───── The data

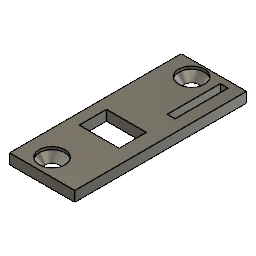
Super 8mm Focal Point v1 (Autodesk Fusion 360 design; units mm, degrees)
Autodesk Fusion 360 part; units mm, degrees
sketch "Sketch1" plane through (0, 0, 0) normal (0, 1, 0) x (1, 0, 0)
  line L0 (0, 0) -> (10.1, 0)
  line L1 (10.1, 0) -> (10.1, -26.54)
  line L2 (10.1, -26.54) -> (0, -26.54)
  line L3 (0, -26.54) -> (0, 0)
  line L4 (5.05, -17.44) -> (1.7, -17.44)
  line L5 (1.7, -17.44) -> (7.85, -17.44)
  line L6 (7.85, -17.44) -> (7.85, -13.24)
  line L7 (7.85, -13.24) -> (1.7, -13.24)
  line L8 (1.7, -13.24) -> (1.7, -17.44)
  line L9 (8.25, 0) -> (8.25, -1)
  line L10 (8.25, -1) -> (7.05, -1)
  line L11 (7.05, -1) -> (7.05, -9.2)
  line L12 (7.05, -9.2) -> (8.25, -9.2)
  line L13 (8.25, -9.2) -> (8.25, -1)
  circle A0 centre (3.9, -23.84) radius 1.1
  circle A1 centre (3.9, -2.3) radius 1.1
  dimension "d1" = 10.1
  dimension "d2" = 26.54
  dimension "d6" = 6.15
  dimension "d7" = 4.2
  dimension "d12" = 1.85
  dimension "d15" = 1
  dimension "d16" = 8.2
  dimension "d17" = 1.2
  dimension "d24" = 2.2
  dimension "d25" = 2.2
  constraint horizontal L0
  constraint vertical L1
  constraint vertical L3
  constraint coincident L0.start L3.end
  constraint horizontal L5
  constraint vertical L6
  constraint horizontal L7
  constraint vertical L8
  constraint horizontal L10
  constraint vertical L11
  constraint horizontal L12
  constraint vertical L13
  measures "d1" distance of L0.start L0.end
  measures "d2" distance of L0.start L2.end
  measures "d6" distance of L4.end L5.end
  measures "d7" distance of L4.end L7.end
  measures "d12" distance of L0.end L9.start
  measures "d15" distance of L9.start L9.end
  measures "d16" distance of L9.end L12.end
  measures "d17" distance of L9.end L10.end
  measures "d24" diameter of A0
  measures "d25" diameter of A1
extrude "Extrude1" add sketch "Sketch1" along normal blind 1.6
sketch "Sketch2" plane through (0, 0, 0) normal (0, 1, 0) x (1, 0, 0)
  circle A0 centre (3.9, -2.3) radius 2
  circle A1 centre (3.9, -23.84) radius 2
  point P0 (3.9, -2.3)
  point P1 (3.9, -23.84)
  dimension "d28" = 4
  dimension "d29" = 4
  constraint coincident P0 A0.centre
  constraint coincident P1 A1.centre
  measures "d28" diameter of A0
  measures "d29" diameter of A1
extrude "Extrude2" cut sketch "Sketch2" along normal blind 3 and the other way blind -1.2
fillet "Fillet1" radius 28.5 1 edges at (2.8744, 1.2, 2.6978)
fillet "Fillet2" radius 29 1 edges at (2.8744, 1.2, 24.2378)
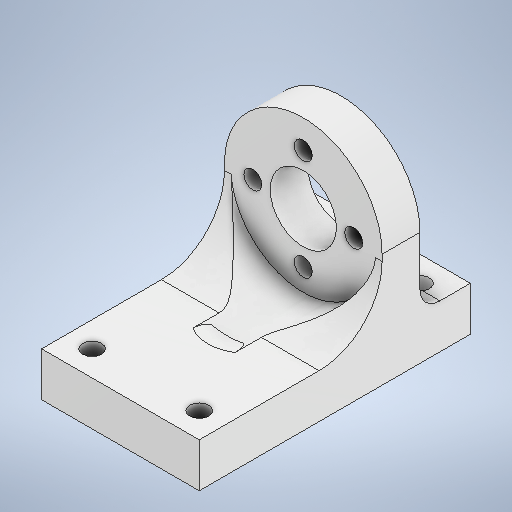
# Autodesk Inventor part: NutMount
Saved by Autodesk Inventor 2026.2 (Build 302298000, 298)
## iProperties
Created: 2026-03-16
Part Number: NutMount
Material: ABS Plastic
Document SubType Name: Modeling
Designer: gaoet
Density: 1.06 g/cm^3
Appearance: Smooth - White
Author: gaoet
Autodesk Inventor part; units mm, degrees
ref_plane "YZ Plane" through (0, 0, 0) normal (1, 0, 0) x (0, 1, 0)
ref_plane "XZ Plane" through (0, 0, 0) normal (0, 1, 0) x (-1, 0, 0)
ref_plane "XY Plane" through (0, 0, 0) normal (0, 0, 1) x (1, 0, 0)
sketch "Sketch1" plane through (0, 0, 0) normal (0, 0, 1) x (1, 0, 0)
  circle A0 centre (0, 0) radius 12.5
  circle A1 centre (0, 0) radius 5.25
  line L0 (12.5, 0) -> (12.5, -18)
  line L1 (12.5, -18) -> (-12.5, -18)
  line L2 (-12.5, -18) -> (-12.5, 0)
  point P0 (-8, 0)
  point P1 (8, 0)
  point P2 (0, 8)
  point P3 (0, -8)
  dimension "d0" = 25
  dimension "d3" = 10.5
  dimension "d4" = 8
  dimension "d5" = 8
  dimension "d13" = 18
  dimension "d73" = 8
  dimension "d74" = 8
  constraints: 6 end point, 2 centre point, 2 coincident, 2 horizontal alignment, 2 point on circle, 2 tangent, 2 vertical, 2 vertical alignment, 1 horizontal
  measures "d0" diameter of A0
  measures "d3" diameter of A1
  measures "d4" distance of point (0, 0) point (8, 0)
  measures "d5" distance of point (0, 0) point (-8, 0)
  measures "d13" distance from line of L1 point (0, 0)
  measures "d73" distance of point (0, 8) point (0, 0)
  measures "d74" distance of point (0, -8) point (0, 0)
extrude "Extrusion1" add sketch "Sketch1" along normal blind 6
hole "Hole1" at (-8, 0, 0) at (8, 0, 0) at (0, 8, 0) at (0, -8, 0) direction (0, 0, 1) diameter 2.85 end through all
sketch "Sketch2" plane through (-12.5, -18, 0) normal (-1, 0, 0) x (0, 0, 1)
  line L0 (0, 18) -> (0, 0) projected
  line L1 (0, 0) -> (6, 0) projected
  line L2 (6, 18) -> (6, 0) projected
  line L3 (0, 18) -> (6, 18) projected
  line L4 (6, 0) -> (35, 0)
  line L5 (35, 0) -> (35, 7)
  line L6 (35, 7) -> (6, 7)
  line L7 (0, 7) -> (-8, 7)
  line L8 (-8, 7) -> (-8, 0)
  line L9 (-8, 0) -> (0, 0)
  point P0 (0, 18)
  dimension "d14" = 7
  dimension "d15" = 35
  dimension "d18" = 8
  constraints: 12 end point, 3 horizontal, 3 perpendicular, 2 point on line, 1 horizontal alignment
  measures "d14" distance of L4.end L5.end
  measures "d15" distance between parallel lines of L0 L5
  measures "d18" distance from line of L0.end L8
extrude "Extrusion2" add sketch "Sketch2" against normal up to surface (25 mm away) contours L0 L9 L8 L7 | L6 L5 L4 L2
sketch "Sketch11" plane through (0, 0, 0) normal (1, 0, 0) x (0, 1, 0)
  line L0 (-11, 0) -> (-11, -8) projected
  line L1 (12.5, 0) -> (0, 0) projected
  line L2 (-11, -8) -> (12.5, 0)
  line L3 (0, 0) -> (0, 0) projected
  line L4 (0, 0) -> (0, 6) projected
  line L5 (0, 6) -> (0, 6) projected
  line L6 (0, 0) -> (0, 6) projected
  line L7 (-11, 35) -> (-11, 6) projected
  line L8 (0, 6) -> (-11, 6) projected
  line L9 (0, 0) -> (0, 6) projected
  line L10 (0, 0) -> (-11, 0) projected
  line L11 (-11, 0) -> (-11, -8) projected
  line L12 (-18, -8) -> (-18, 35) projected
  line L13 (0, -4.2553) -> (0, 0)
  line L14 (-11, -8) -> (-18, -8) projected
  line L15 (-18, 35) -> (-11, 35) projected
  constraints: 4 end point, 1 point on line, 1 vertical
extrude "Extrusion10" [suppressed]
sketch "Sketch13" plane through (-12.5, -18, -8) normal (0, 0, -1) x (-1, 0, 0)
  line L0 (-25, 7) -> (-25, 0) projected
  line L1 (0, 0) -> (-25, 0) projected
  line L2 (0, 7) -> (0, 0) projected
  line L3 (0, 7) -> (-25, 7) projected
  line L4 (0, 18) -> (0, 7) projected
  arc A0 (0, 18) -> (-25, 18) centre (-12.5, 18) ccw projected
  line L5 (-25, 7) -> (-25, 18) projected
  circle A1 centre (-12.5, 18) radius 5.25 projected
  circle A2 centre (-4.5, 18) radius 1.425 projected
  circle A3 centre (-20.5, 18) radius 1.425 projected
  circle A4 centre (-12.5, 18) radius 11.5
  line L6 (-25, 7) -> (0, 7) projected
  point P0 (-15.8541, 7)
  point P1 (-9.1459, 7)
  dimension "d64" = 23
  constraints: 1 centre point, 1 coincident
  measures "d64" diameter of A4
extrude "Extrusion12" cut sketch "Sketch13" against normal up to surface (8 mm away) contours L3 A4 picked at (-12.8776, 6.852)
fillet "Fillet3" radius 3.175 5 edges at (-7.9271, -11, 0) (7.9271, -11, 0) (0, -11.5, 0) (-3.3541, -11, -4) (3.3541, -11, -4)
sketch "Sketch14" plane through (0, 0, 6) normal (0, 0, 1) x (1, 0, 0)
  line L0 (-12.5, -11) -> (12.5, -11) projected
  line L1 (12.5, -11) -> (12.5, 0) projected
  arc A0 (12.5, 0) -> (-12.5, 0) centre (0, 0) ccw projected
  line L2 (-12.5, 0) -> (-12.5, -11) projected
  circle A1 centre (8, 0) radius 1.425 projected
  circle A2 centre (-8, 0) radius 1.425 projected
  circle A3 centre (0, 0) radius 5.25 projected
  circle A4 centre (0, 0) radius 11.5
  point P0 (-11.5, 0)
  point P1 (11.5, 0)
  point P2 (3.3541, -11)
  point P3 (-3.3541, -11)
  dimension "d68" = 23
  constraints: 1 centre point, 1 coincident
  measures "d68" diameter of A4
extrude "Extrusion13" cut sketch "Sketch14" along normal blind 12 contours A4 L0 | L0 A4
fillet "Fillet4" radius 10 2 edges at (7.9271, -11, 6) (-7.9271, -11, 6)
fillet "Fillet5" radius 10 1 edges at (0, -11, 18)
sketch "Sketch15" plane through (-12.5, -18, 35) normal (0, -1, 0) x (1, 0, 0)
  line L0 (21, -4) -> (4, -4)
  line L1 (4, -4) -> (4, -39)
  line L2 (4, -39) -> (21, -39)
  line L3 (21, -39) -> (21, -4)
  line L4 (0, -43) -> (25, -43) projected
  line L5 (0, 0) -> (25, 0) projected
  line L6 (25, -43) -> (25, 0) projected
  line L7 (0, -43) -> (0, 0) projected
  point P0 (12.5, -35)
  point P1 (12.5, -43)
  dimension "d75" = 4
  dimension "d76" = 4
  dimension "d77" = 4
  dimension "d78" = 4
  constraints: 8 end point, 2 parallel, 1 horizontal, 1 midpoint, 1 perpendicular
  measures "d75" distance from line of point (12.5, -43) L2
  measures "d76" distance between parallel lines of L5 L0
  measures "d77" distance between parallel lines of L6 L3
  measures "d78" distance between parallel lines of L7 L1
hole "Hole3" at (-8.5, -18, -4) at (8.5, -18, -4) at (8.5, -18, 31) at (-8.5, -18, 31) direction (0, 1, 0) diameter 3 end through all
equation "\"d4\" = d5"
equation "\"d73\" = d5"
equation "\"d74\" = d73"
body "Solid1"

──────────

▸ Task goal
From the records above, copy only the lines starting with the line that holds "point P0 (-15.8541, 7)" and going on through the line that holds "circle A3 centre (0, 0)", exactly as written.

▸ Task solution
  point P0 (-15.8541, 7)
  point P1 (-9.1459, 7)
  dimension "d64" = 23
  constraints: 1 centre point, 1 coincident
  measures "d64" diameter of A4
extrude "Extrusion12" cut sketch "Sketch13" against normal up to surface (8 mm away) contours L3 A4 picked at (-12.8776, 6.852)
fillet "Fillet3" radius 3.175 5 edges at (-7.9271, -11, 0) (7.9271, -11, 0) (0, -11.5, 0) (-3.3541, -11, -4) (3.3541, -11, -4)
sketch "Sketch14" plane through (0, 0, 6) normal (0, 0, 1) x (1, 0, 0)
  line L0 (-12.5, -11) -> (12.5, -11) projected
  line L1 (12.5, -11) -> (12.5, 0) projected
  arc A0 (12.5, 0) -> (-12.5, 0) centre (0, 0) ccw projected
  line L2 (-12.5, 0) -> (-12.5, -11) projected
  circle A1 centre (8, 0) radius 1.425 projected
  circle A2 centre (-8, 0) radius 1.425 projected
  circle A3 centre (0, 0) radius 5.25 projected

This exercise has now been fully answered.